§ PROBLEM REQUIREMENTS
Report every line in the records below that holds the word "diagram".

----- AVAILABLE RECORDS -----

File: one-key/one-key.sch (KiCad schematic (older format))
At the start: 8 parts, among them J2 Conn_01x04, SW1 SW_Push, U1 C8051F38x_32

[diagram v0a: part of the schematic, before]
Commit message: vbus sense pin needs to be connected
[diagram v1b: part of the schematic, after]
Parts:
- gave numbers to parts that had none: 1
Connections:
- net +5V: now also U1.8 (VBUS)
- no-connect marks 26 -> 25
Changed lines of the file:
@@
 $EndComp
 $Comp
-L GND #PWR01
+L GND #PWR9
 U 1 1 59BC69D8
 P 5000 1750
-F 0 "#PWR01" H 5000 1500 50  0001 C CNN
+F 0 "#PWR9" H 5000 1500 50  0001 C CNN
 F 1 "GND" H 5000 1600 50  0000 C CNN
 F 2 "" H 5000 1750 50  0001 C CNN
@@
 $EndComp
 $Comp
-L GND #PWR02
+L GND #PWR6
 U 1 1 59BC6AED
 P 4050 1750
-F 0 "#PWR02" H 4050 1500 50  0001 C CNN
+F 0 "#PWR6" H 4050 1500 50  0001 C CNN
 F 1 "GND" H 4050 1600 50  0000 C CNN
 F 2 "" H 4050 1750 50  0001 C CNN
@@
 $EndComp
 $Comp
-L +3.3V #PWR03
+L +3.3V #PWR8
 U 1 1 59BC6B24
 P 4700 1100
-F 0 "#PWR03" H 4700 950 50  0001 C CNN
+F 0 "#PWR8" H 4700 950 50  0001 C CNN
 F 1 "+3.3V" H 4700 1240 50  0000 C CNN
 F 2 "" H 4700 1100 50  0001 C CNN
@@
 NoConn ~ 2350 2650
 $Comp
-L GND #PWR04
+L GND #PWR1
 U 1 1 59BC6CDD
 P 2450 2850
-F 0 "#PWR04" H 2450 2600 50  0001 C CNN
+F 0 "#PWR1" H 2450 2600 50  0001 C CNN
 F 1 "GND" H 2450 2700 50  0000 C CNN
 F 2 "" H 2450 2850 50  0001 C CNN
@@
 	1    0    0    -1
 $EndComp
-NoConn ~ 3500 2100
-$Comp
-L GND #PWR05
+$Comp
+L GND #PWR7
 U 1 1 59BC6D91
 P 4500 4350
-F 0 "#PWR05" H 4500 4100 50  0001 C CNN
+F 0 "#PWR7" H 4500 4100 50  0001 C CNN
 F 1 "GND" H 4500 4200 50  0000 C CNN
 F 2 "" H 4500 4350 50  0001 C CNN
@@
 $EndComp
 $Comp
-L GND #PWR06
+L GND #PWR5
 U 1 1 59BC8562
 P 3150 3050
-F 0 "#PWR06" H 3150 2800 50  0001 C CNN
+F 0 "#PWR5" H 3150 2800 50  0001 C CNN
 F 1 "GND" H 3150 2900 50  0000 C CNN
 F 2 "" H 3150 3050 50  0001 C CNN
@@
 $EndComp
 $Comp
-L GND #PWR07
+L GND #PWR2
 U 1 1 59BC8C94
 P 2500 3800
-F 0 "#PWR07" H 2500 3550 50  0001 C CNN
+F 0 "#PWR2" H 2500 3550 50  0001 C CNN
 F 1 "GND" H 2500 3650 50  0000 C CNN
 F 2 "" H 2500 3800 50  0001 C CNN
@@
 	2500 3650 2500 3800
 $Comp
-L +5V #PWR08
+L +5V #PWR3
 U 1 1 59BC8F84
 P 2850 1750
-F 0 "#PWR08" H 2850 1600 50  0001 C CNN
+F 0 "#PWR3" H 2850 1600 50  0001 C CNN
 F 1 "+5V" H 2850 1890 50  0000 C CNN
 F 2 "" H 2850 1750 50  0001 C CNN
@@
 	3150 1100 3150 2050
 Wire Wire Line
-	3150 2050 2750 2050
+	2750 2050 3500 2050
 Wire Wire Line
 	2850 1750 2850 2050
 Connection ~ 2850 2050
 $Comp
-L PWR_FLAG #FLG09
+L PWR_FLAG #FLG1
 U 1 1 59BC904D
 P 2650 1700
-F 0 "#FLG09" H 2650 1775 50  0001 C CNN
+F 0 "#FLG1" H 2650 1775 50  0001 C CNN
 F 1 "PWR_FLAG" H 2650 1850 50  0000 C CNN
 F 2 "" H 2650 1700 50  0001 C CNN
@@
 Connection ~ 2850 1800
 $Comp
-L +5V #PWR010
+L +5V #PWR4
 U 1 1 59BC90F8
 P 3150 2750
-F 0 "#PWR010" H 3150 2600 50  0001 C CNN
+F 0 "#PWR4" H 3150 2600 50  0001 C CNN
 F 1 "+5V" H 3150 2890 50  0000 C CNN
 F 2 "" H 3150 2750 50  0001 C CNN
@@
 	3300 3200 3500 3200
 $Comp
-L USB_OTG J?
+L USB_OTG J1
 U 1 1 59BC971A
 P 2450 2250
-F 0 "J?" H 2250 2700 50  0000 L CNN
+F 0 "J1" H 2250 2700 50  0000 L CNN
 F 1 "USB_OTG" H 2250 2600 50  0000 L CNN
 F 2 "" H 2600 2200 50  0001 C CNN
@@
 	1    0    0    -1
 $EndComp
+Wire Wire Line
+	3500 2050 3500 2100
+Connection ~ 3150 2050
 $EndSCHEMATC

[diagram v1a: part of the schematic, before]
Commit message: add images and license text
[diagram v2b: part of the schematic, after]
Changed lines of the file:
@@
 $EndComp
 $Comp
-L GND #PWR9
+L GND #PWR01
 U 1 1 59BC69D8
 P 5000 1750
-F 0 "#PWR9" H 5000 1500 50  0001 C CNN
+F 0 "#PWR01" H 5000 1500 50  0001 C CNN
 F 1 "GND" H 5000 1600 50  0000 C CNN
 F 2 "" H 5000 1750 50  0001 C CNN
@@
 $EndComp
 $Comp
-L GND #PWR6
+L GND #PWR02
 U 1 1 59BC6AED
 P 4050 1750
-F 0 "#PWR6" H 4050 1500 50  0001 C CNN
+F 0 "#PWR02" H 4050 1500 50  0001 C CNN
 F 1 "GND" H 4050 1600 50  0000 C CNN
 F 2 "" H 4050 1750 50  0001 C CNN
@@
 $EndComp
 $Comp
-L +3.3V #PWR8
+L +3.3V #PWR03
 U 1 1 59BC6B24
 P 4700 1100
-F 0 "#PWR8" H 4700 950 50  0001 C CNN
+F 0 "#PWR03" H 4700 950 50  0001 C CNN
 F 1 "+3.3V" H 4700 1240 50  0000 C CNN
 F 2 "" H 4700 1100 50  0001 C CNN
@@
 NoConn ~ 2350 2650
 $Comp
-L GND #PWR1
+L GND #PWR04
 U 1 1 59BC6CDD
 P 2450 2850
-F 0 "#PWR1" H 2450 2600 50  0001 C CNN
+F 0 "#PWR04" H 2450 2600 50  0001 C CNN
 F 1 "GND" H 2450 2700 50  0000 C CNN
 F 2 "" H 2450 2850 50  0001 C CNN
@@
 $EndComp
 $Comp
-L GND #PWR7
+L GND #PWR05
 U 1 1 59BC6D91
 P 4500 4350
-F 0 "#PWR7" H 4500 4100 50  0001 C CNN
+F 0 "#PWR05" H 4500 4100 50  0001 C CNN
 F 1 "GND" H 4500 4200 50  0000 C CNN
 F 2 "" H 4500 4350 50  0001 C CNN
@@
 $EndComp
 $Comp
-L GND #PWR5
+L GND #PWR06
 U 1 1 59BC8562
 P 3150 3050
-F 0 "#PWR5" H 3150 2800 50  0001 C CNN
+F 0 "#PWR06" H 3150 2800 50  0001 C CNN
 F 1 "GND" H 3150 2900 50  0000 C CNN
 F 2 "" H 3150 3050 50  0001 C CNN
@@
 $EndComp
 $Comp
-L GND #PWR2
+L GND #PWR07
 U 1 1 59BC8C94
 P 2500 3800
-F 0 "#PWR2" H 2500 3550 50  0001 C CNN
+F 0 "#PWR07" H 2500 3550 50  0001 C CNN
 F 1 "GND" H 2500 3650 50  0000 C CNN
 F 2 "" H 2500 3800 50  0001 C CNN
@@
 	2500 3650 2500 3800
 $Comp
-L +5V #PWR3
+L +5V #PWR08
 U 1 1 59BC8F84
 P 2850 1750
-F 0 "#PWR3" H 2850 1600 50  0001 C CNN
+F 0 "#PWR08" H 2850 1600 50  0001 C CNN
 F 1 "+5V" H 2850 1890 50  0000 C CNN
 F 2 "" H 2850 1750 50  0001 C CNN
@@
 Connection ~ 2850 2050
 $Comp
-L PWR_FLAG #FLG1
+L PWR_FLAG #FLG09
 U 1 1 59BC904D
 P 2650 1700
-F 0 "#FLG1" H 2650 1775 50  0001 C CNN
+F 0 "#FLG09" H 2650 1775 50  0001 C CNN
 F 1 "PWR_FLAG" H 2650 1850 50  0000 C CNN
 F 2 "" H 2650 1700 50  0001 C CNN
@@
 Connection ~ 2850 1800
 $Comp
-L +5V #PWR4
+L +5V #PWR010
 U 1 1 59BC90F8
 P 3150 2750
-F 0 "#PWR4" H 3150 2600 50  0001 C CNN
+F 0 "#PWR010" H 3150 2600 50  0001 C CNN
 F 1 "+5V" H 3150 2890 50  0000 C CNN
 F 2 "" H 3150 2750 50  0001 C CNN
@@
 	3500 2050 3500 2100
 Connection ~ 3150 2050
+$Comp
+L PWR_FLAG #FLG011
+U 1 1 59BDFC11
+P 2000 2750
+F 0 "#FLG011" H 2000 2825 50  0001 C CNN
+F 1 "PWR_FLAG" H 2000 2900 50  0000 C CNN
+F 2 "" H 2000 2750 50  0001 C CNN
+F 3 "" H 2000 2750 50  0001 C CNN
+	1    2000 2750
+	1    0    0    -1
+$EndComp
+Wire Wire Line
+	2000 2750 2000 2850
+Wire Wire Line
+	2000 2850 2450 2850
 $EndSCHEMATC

-----

§ TASK RESULT
[diagram v0a: part of the schematic, before]
[diagram v1b: part of the schematic, after]
[diagram v1a: part of the schematic, before]
[diagram v2b: part of the schematic, after]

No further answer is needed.